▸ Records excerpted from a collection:
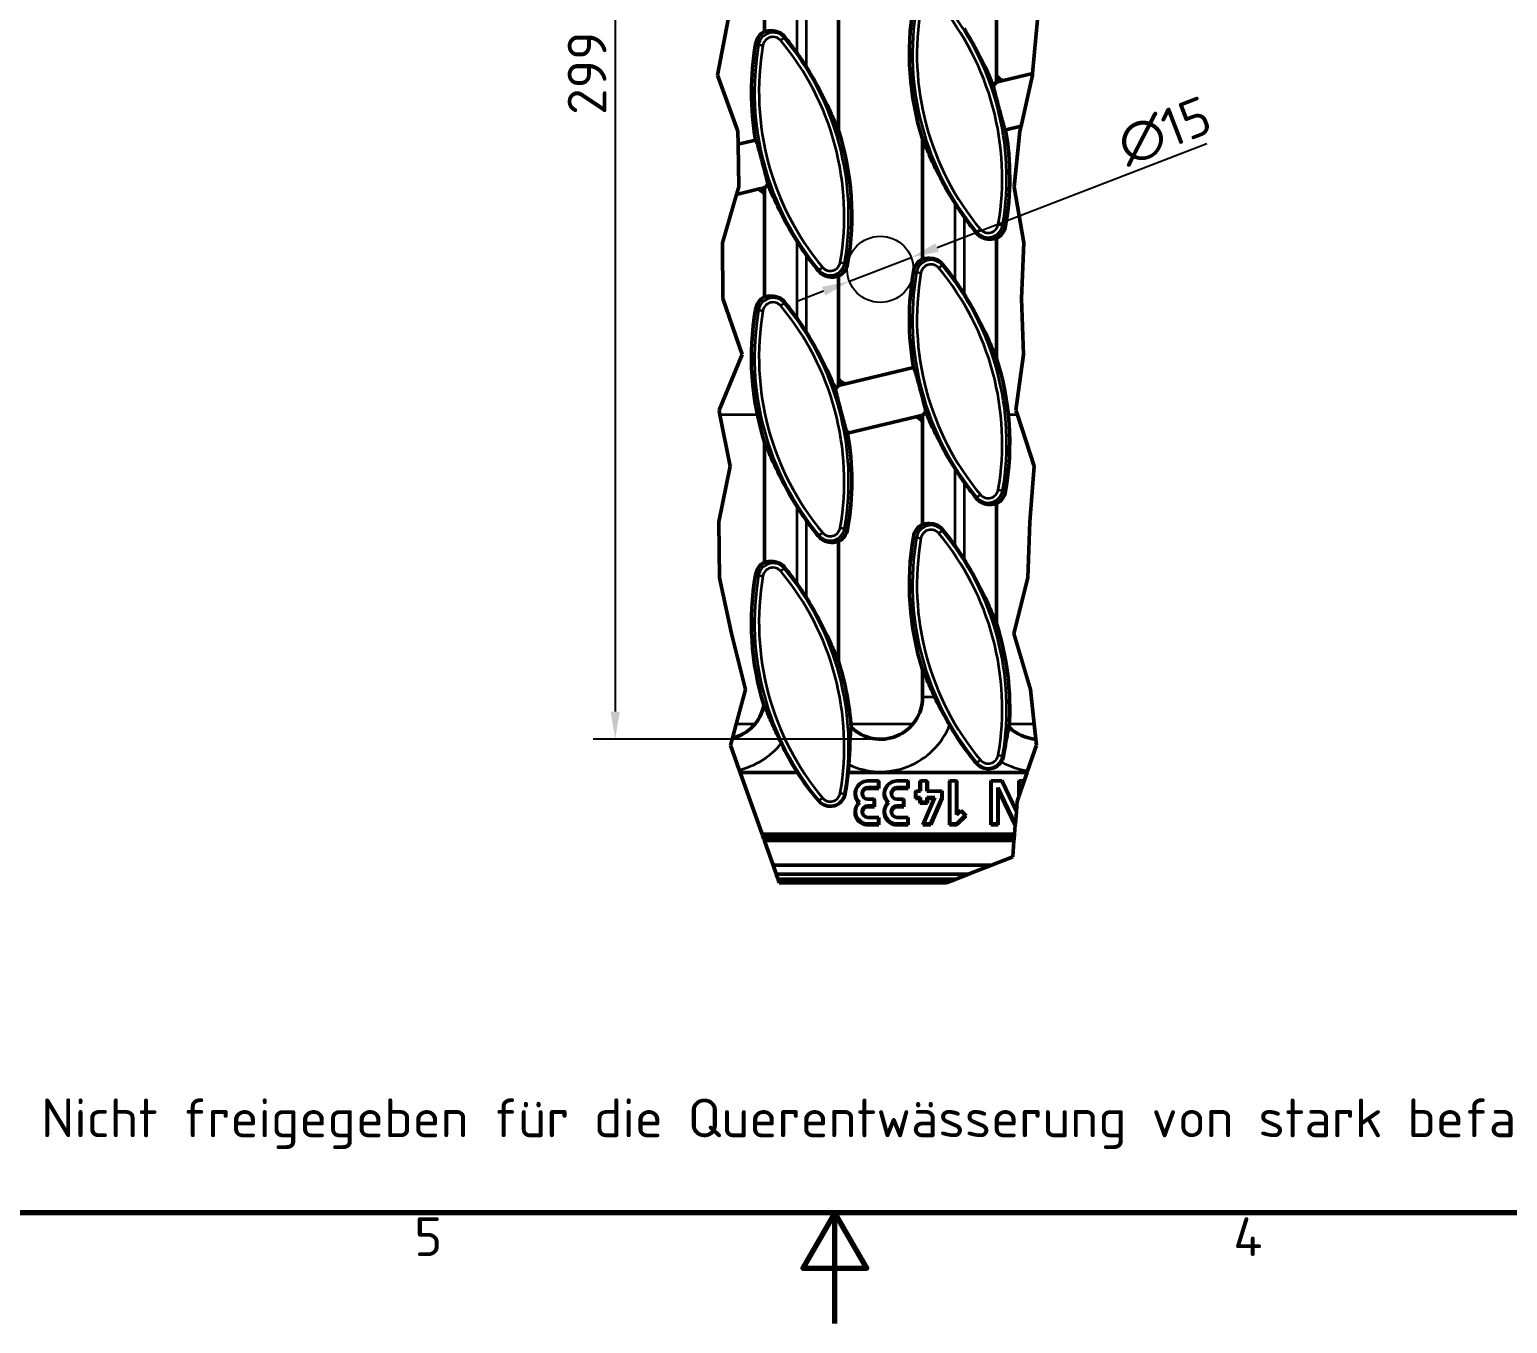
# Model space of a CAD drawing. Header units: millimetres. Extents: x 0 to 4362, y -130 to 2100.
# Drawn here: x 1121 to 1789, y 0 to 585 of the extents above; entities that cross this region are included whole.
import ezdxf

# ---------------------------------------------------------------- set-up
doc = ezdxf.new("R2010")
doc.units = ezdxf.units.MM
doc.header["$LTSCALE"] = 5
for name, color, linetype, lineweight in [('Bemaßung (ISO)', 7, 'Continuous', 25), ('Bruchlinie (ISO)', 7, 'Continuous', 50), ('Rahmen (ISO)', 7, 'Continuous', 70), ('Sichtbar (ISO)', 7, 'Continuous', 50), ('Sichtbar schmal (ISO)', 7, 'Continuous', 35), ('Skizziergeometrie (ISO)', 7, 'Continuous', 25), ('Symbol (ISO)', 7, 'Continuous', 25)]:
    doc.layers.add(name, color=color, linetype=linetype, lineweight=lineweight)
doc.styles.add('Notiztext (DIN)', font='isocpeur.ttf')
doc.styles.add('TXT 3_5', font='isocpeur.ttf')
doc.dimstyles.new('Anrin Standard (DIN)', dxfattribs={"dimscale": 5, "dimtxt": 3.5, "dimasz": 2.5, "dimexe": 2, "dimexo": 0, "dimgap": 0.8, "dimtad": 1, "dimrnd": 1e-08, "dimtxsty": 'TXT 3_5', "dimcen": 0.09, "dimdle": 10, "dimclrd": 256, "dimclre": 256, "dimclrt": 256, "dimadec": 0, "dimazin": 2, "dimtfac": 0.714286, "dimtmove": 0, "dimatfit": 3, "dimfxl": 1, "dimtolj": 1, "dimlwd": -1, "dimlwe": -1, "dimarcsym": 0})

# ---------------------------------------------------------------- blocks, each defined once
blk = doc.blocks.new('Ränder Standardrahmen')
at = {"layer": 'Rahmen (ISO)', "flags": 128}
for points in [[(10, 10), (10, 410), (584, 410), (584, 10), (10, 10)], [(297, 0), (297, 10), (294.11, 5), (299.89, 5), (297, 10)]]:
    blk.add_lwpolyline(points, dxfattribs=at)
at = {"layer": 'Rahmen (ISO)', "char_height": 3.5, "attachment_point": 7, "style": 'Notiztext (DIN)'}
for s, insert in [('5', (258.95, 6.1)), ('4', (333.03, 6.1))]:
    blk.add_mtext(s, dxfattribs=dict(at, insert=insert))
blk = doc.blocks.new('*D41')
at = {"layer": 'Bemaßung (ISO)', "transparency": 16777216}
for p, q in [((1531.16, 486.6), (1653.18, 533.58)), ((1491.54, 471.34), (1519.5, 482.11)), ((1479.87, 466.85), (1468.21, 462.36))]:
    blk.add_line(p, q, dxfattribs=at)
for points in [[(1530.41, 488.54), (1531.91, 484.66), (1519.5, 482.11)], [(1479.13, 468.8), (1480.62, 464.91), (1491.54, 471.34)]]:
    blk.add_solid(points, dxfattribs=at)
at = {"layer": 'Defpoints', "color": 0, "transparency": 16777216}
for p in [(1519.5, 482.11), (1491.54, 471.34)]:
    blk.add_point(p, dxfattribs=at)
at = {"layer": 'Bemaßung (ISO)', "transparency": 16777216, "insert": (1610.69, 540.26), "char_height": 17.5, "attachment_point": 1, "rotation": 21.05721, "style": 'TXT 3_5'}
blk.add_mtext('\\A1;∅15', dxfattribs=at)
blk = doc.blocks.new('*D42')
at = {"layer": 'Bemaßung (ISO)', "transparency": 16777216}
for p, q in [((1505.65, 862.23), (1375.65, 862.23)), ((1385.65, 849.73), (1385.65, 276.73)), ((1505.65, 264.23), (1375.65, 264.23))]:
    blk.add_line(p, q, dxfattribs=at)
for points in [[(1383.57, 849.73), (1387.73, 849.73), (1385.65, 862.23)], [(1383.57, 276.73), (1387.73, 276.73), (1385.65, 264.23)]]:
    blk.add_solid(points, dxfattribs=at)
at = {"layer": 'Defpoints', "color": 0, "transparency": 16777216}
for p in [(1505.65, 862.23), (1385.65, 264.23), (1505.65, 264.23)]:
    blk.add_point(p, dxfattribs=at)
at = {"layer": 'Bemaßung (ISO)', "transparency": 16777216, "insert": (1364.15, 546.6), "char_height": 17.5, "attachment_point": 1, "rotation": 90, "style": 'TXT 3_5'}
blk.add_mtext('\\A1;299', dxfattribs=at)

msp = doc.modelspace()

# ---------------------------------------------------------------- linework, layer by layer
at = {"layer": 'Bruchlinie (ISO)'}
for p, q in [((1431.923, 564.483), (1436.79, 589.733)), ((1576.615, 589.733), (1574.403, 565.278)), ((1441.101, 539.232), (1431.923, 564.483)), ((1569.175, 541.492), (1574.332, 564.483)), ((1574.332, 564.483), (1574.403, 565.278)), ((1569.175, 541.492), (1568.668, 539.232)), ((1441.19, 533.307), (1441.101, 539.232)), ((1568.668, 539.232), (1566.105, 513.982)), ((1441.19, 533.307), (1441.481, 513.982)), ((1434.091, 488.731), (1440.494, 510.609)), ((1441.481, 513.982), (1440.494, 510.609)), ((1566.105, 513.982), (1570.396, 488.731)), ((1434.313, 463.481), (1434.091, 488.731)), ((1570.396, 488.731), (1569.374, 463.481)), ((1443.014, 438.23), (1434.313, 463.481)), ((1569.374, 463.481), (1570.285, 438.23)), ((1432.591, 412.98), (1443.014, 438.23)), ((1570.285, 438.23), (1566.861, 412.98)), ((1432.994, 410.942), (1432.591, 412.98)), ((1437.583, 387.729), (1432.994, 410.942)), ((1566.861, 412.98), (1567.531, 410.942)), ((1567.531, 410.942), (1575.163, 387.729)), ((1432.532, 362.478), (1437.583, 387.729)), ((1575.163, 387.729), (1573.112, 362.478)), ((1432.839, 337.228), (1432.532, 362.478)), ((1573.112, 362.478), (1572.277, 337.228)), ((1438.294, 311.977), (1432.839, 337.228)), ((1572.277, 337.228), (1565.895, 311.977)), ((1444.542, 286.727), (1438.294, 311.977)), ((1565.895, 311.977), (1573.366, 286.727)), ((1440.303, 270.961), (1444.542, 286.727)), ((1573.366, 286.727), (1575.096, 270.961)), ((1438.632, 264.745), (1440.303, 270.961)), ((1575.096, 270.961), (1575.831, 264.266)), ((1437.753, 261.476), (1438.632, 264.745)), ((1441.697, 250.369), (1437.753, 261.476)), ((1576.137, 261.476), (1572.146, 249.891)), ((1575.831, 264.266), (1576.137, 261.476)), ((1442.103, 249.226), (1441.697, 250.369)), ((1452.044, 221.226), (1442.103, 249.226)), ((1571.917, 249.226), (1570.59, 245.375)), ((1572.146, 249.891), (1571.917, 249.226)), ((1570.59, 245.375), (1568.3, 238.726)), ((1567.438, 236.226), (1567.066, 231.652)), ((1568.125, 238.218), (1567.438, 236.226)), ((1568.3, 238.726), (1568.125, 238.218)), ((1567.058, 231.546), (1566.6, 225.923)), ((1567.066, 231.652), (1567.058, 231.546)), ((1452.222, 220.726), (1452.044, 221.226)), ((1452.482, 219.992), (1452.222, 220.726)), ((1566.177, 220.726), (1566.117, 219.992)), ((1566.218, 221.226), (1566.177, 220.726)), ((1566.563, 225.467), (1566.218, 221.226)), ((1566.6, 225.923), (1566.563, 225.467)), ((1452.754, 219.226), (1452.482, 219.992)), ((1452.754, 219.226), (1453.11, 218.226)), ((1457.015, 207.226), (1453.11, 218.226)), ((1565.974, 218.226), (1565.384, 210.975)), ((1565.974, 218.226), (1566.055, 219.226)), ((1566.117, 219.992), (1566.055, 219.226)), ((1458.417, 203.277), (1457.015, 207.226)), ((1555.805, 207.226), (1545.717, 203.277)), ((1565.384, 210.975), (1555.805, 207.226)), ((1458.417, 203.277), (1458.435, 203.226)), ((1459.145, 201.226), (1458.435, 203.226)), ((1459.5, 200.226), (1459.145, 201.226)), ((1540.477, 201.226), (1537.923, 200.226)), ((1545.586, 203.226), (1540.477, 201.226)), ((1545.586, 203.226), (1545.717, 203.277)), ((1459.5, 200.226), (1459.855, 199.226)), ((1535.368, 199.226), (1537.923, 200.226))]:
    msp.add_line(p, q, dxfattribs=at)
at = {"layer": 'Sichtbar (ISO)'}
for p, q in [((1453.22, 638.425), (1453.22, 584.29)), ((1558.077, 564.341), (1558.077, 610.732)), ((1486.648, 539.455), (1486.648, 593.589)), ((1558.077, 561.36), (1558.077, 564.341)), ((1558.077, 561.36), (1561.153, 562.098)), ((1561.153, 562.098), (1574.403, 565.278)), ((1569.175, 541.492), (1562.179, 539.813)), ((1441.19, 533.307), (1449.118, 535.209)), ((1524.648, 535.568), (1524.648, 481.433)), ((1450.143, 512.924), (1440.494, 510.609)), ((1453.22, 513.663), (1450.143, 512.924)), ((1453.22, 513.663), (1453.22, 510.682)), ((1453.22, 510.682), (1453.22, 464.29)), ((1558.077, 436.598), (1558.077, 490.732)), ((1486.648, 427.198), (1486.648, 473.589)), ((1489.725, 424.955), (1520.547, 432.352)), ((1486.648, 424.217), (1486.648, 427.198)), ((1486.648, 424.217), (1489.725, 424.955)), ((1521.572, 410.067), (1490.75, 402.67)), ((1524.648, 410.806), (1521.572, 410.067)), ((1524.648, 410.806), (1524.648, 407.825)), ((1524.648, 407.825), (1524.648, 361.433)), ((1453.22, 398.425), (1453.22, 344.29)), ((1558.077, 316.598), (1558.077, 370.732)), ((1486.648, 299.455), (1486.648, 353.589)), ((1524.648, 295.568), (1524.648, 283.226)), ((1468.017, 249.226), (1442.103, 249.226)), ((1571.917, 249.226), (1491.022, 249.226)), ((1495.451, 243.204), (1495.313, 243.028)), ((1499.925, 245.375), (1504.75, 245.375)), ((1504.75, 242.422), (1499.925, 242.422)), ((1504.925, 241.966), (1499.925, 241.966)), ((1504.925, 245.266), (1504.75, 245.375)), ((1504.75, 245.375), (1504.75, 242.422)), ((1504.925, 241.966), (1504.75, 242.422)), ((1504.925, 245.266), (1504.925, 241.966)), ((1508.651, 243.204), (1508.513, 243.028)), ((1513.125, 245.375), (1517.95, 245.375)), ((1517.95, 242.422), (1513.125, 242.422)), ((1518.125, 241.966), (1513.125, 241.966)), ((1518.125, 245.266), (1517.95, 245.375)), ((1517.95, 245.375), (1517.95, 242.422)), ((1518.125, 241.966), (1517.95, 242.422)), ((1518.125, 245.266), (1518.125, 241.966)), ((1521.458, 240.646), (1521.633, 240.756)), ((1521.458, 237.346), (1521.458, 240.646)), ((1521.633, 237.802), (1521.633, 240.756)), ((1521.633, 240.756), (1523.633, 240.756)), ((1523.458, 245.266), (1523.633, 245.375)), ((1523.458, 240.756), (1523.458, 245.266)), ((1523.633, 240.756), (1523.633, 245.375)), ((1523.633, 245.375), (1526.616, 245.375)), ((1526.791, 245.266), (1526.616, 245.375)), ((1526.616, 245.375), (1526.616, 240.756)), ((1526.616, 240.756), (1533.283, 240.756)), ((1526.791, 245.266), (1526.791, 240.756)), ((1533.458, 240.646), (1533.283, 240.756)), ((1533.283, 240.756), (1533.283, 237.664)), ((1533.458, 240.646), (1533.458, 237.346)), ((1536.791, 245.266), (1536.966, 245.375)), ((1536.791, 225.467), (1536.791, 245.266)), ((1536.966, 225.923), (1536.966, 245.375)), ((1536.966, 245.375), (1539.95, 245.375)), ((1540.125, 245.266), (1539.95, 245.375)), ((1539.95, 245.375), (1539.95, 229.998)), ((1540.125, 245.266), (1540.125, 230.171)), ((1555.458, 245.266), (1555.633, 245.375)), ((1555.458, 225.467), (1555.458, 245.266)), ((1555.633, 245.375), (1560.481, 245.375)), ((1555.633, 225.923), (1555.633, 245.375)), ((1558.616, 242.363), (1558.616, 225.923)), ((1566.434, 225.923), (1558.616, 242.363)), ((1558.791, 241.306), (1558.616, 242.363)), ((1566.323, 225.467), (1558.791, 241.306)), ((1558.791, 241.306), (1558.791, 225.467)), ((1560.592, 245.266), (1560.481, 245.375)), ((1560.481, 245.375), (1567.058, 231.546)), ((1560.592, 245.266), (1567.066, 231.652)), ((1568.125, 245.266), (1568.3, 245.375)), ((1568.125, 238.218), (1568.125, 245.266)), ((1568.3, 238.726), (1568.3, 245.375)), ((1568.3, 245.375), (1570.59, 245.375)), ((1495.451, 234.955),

▸ Task to complete: What you return must be the lines above that run from the line with "each defined once" to the line with "blk = doc.blocks.new('*D41')", inclusive, each copied exactly.

▸ Result for this task:
# ---------------------------------------------------------------- blocks, each defined once
blk = doc.blocks.new('Ränder Standardrahmen')
at = {"layer": 'Rahmen (ISO)', "flags": 128}
for points in [[(10, 10), (10, 410), (584, 410), (584, 10), (10, 10)], [(297, 0), (297, 10), (294.11, 5), (299.89, 5), (297, 10)]]:
    blk.add_lwpolyline(points, dxfattribs=at)
at = {"layer": 'Rahmen (ISO)', "char_height": 3.5, "attachment_point": 7, "style": 'Notiztext (DIN)'}
for s, insert in [('5', (258.95, 6.1)), ('4', (333.03, 6.1))]:
    blk.add_mtext(s, dxfattribs=dict(at, insert=insert))
blk = doc.blocks.new('*D41')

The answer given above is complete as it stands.